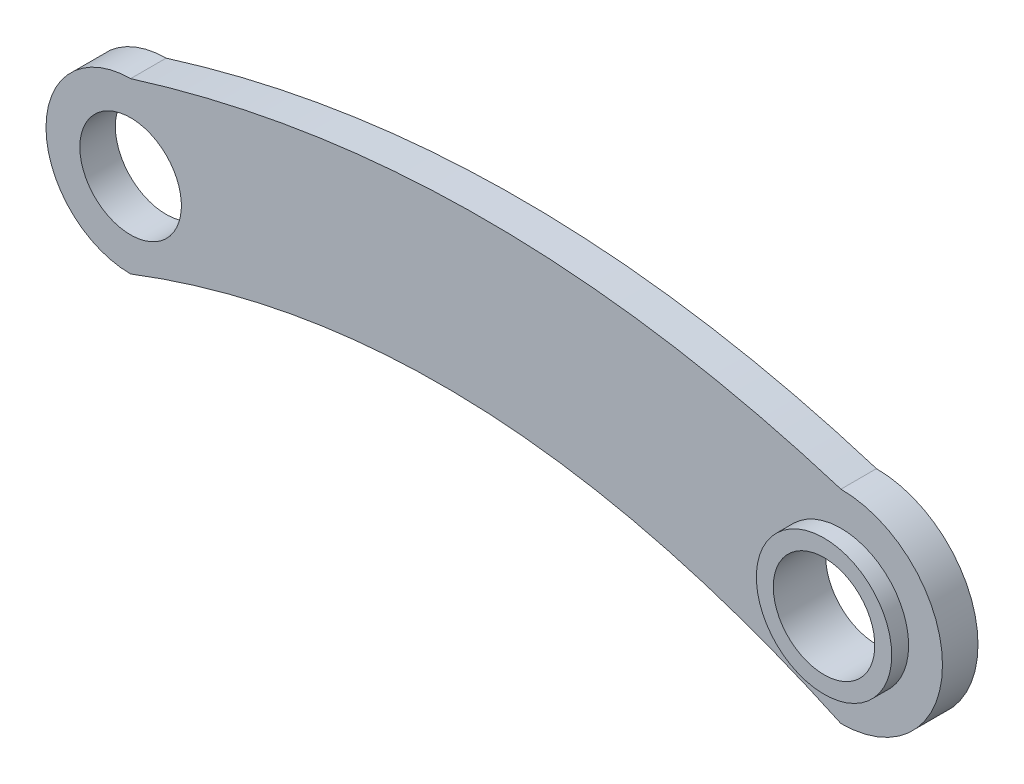
ISO-10303-21;
HEADER;
FILE_DESCRIPTION(('STEP AP214'),'2;1');
FILE_NAME('part.step','',(''),(''),'','','');
FILE_SCHEMA(('AUTOMOTIVE_DESIGN { 1 0 10303 214 1 1 1 1 }'));
ENDSEC;
DATA;
#1=APPLICATION_CONTEXT('core data for automotive mechanical design processes');
#2=APPLICATION_PROTOCOL_DEFINITION('international standard','automotive_design',2000,#1);
#3=PRODUCT_CONTEXT('',#1,'mechanical');
#4=PRODUCT('Part','Part','',(#3));
#5=PRODUCT_RELATED_PRODUCT_CATEGORY('part','',(#4));
#6=PRODUCT_DEFINITION_FORMATION('','',#4);
#7=PRODUCT_DEFINITION_CONTEXT('part definition',#1,'design');
#8=PRODUCT_DEFINITION('design','',#6,#7);
#9=PRODUCT_DEFINITION_SHAPE('','',#8);
#10=(LENGTH_UNIT() NAMED_UNIT(*) SI_UNIT(.MILLI.,.METRE.));
#11=(NAMED_UNIT(*) PLANE_ANGLE_UNIT() SI_UNIT($,.RADIAN.));
#12=(NAMED_UNIT(*) SI_UNIT($,.STERADIAN.) SOLID_ANGLE_UNIT());
#13=UNCERTAINTY_MEASURE_WITH_UNIT(LENGTH_MEASURE(1.E-05),#10,'distance_accuracy_value','');
#14=(GEOMETRIC_REPRESENTATION_CONTEXT(3) GLOBAL_UNCERTAINTY_ASSIGNED_CONTEXT((#13)) GLOBAL_UNIT_ASSIGNED_CONTEXT((#10,
#11,#12)) REPRESENTATION_CONTEXT('',''));
#15=CARTESIAN_POINT('',(0.,0.,0.));
#16=DIRECTION('',(0.,0.,1.));
#17=DIRECTION('',(1.,0.,0.));
#18=AXIS2_PLACEMENT_3D('',#15,#16,#17);
#19=CARTESIAN_POINT('',(0.,0.,21.));
#20=DIRECTION('',(0.,0.,1.));
#21=DIRECTION('',(1.,0.,0.));
#22=AXIS2_PLACEMENT_3D('',#19,#20,#21);
#23=PLANE('',#22);
#24=CARTESIAN_POINT('',(-267.733324074029,336.480114093346,21.));
#25=DIRECTION('',(0.,0.,1.));
#26=DIRECTION('',(1.,0.,0.));
#27=AXIS2_PLACEMENT_3D('',#24,#25,#26);
#28=CIRCLE('',#27,50.);
#29=CARTESIAN_POINT('',(-267.733324074029,386.480114093346,21.));
#30=VERTEX_POINT('',#29);
#31=CARTESIAN_POINT('',(-267.733324074029,286.480114093346,21.));
#32=VERTEX_POINT('',#31);
#33=EDGE_CURVE('E98',#30,#32,#28,.T.);
#34=ORIENTED_EDGE('',*,*,#33,.T.);
#35=CARTESIAN_POINT('',(-267.733324074029,286.480114093346,21.));
#36=CARTESIAN_POINT('',(-61.5362998778427,365.75863406684,21.));
#37=CARTESIAN_POINT('',(152.142574226651,266.270803333194,21.));
#38=B_SPLINE_CURVE_WITH_KNOTS('',2,(#35,#36,#37),.UNSPECIFIED.,.F.,.F.,(3,3),(0.,1.),.UNSPECIFIED.);
#39=CARTESIAN_POINT('',(152.142574226651,266.27080333319,21.));
#40=VERTEX_POINT('',#39);
#41=EDGE_CURVE('E89',#32,#40,#38,.T.);
#42=ORIENTED_EDGE('',*,*,#41,.T.);
#43=CARTESIAN_POINT('',(152.142574226651,326.270803333194,21.));
#44=DIRECTION('',(0.,0.,1.));
#45=DIRECTION('',(1.,0.,0.));
#46=AXIS2_PLACEMENT_3D('',#43,#44,#45);
#47=CIRCLE('',#46,60.0000000000038);
#48=CARTESIAN_POINT('',(152.142574226651,386.270803333198,21.));
#49=VERTEX_POINT('',#48);
#50=EDGE_CURVE('E100',#49,#40,#47,.F.);
#51=ORIENTED_EDGE('',*,*,#50,.F.);
#52=CARTESIAN_POINT('',(-267.733324074029,386.480114093346,21.));
#53=CARTESIAN_POINT('',(-58.3768927784346,451.865914160474,21.));
#54=CARTESIAN_POINT('',(152.142574226651,386.270803333194,21.));
#55=B_SPLINE_CURVE_WITH_KNOTS('',2,(#52,#53,#54),.UNSPECIFIED.,.F.,.F.,(3,3),(0.,1.),.UNSPECIFIED.);
#56=EDGE_CURVE('E109',#30,#49,#55,.T.);
#57=ORIENTED_EDGE('',*,*,#56,.F.);
#58=EDGE_LOOP('',(#34,#42,#51,#57));
#59=FACE_BOUND('',#58,.T.);
#60=CARTESIAN_POINT('',(-267.733324074029,336.480114093346,21.));
#61=DIRECTION('',(0.,0.,1.));
#62=DIRECTION('',(1.,0.,0.));
#63=AXIS2_PLACEMENT_3D('',#60,#61,#62);
#64=CIRCLE('',#63,30.);
#65=CARTESIAN_POINT('',(-297.733324074029,336.480114093346,21.));
#66=VERTEX_POINT('',#65);
#67=EDGE_CURVE('E180',#66,#66,#64,.T.);
#68=ORIENTED_EDGE('',*,*,#67,.F.);
#69=EDGE_LOOP('',(#68));
#70=FACE_BOUND('',#69,.T.);
#71=CARTESIAN_POINT('',(152.142574226651,326.270803333194,21.));
#72=DIRECTION('',(0.,0.,1.));
#73=DIRECTION('',(1.,0.,0.));
#74=AXIS2_PLACEMENT_3D('',#71,#72,#73);
#75=CIRCLE('',#74,40.);
#76=CARTESIAN_POINT('',(192.142574226651,326.270803333194,21.));
#77=VERTEX_POINT('',#76);
#78=EDGE_CURVE('E170',#77,#77,#75,.T.);
#79=ORIENTED_EDGE('',*,*,#78,.F.);
#80=EDGE_LOOP('',(#79));
#81=FACE_BOUND('',#80,.T.);
#82=ADVANCED_FACE('F50',(#59,#70,#81),#23,.T.);
#83=CARTESIAN_POINT('',(-267.733324074029,336.480114093346,21.));
#84=DIRECTION('',(0.,0.,-1.));
#85=DIRECTION('',(-1.,0.,0.));
#86=AXIS2_PLACEMENT_3D('',#83,#84,#85);
#87=CYLINDRICAL_SURFACE('',#86,50.);
#88=CARTESIAN_POINT('',(-267.733324074029,336.480114093346,0.));
#89=DIRECTION('',(0.,0.,1.));
#90=DIRECTION('',(1.,0.,0.));
#91=AXIS2_PLACEMENT_3D('',#88,#89,#90);
#92=CIRCLE('',#91,50.);
#93=CARTESIAN_POINT('',(-267.733324074029,386.480114093346,0.));
#94=VERTEX_POINT('',#93);
#95=CARTESIAN_POINT('',(-267.733324074029,286.480114093346,0.));
#96=VERTEX_POINT('',#95);
#97=EDGE_CURVE('E122',#94,#96,#92,.T.);
#98=ORIENTED_EDGE('',*,*,#97,.T.);
#99=DIRECTION('',(0.,0.,-1.));
#100=VECTOR('',#99,1.);
#101=CARTESIAN_POINT('',(-267.733324074029,286.480114093346,21.));
#102=LINE('',#101,#100);
#103=EDGE_CURVE('E11',#32,#96,#102,.T.);
#104=ORIENTED_EDGE('',*,*,#103,.F.);
#105=ORIENTED_EDGE('',*,*,#33,.F.);
#106=DIRECTION('',(0.,0.,-1.));
#107=VECTOR('',#106,1.);
#108=CARTESIAN_POINT('',(-267.733324074029,386.480114093346,21.));
#109=LINE('',#108,#107);
#110=EDGE_CURVE('E62',#30,#94,#109,.T.);
#111=ORIENTED_EDGE('',*,*,#110,.T.);
#112=EDGE_LOOP('',(#98,#104,#105,#111));
#113=FACE_BOUND('',#112,.T.);
#114=ADVANCED_FACE('F47',(#113),#87,.T.);
#115=DIRECTION('',(0.,0.,-1.));
#116=VECTOR('',#115,1.);
#117=SURFACE_OF_LINEAR_EXTRUSION('',#38,#116);
#118=CARTESIAN_POINT('',(-267.733324074029,286.480114093346,0.));
#119=CARTESIAN_POINT('',(-61.5362998778427,365.75863406684,0.));
#120=CARTESIAN_POINT('',(152.142574226651,266.270803333194,0.));
#121=B_SPLINE_CURVE_WITH_KNOTS('',2,(#118,#119,#120),.UNSPECIFIED.,.F.,.F.,(3,3),(0.,1.),.UNSPECIFIED.);
#122=CARTESIAN_POINT('',(152.142574226651,266.27080333319,0.));
#123=VERTEX_POINT('',#122);
#124=EDGE_CURVE('E102',#96,#123,#121,.T.);
#125=ORIENTED_EDGE('',*,*,#124,.T.);
#126=DIRECTION('',(0.,0.,-1.));
#127=VECTOR('',#126,1.);
#128=CARTESIAN_POINT('',(152.142574226651,266.27080333319,21.));
#129=LINE('',#128,#127);
#130=EDGE_CURVE('E60',#40,#123,#129,.T.);
#131=ORIENTED_EDGE('',*,*,#130,.F.);
#132=ORIENTED_EDGE('',*,*,#41,.F.);
#133=ORIENTED_EDGE('',*,*,#103,.T.);
#134=EDGE_LOOP('',(#125,#131,#132,#133));
#135=FACE_BOUND('',#134,.T.);
#136=ADVANCED_FACE('F103',(#135),#117,.F.);
#137=CARTESIAN_POINT('',(152.142574226651,326.270803333194,21.));
#138=DIRECTION('',(0.,0.,-1.));
#139=DIRECTION('',(-1.,0.,0.));
#140=AXIS2_PLACEMENT_3D('',#137,#138,#139);
#141=CYLINDRICAL_SURFACE('',#140,60.0000000000038);
#142=CARTESIAN_POINT('',(152.142574226651,326.270803333194,0.));
#143=DIRECTION('',(0.,0.,1.));
#144=DIRECTION('',(1.,0.,0.));
#145=AXIS2_PLACEMENT_3D('',#142,#143,#144);
#146=CIRCLE('',#145,60.0000000000038);
#147=CARTESIAN_POINT('',(152.142574226651,386.270803333198,0.));
#148=VERTEX_POINT('',#147);
#149=EDGE_CURVE('E189',#148,#123,#146,.F.);
#150=ORIENTED_EDGE('',*,*,#149,.F.);
#151=DIRECTION('',(0.,0.,-1.));
#152=VECTOR('',#151,1.);
#153=CARTESIAN_POINT('',(152.142574226651,386.270803333198,21.));
#154=LINE('',#153,#152);
#155=EDGE_CURVE('E79',#49,#148,#154,.T.);
#156=ORIENTED_EDGE('',*,*,#155,.F.);
#157=ORIENTED_EDGE('',*,*,#50,.T.);
#158=ORIENTED_EDGE('',*,*,#130,.T.);
#159=EDGE_LOOP('',(#150,#156,#157,#158));
#160=FACE_BOUND('',#159,.T.);
#161=ADVANCED_FACE('F107',(#160),#141,.T.);
#162=DIRECTION('',(0.,0.,-1.));
#163=VECTOR('',#162,1.);
#164=SURFACE_OF_LINEAR_EXTRUSION('',#55,#163);
#165=CARTESIAN_POINT('',(-267.733324074029,386.480114093346,0.));
#166=CARTESIAN_POINT('',(-58.3768927784346,451.865914160474,0.));
#167=CARTESIAN_POINT('',(152.142574226651,386.270803333194,0.));
#168=B_SPLINE_CURVE_WITH_KNOTS('',2,(#165,#166,#167),.UNSPECIFIED.,.F.,.F.,(3,3),(0.,1.),.UNSPECIFIED.);
#169=EDGE_CURVE('E190',#94,#148,#168,.T.);
#170=ORIENTED_EDGE('',*,*,#169,.F.);
#171=ORIENTED_EDGE('',*,*,#110,.F.);
#172=ORIENTED_EDGE('',*,*,#56,.T.);
#173=ORIENTED_EDGE('',*,*,#155,.T.);
#174=EDGE_LOOP('',(#170,#171,#172,#173));
#175=FACE_BOUND('',#174,.T.);
#176=ADVANCED_FACE('F129',(#175),#164,.T.);
#177=CARTESIAN_POINT('',(0.,0.,0.));
#178=DIRECTION('',(0.,0.,1.));
#179=DIRECTION('',(1.,0.,0.));
#180=AXIS2_PLACEMENT_3D('',#177,#178,#179);
#181=PLANE('',#180);
#182=CARTESIAN_POINT('',(-267.733324074029,336.480114093346,0.));
#183=DIRECTION('',(0.,0.,1.));
#184=DIRECTION('',(1.,0.,0.));
#185=AXIS2_PLACEMENT_3D('',#182,#183,#184);
#186=CIRCLE('',#185,30.);
#187=CARTESIAN_POINT('',(-297.733324074029,336.480114093346,0.));
#188=VERTEX_POINT('',#187);
#189=EDGE_CURVE('E182',#188,#188,#186,.T.);
#190=ORIENTED_EDGE('',*,*,#189,.T.);
#191=EDGE_LOOP('',(#190));
#192=FACE_BOUND('',#191,.T.);
#193=CARTESIAN_POINT('',(152.142574226651,326.270803333194,0.));
#194=DIRECTION('',(0.,0.,1.));
#195=DIRECTION('',(1.,0.,0.));
#196=AXIS2_PLACEMENT_3D('',#193,#194,#195);
#197=CIRCLE('',#196,30.);
#198=CARTESIAN_POINT('',(122.142574226651,326.270803333194,0.));
#199=VERTEX_POINT('',#198);
#200=EDGE_CURVE('E172',#199,#199,#197,.T.);
#201=ORIENTED_EDGE('',*,*,#200,.T.);
#202=EDGE_LOOP('',(#201));
#203=FACE_BOUND('',#202,.T.);
#204=ORIENTED_EDGE('',*,*,#97,.F.);
#205=ORIENTED_EDGE('',*,*,#169,.T.);
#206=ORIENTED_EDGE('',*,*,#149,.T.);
◇ ◇ ◇ ◇ ◇ ◇ ◇
§ What to do
The answer is the line containing "#192=FACE_BOUND('',#191,.T.);" together with every line after it in the records, repeated exactly and with nothing else.

§ Written solution
#192=FACE_BOUND('',#191,.T.);
#193=CARTESIAN_POINT('',(152.142574226651,326.270803333194,0.));
#194=DIRECTION('',(0.,0.,1.));
#195=DIRECTION('',(1.,0.,0.));
#196=AXIS2_PLACEMENT_3D('',#193,#194,#195);
#197=CIRCLE('',#196,30.);
#198=CARTESIAN_POINT('',(122.142574226651,326.270803333194,0.));
#199=VERTEX_POINT('',#198);
#200=EDGE_CURVE('E172',#199,#199,#197,.T.);
#201=ORIENTED_EDGE('',*,*,#200,.T.);
#202=EDGE_LOOP('',(#201));
#203=FACE_BOUND('',#202,.T.);
#204=ORIENTED_EDGE('',*,*,#97,.F.);
#205=ORIENTED_EDGE('',*,*,#169,.T.);
#206=ORIENTED_EDGE('',*,*,#149,.T.);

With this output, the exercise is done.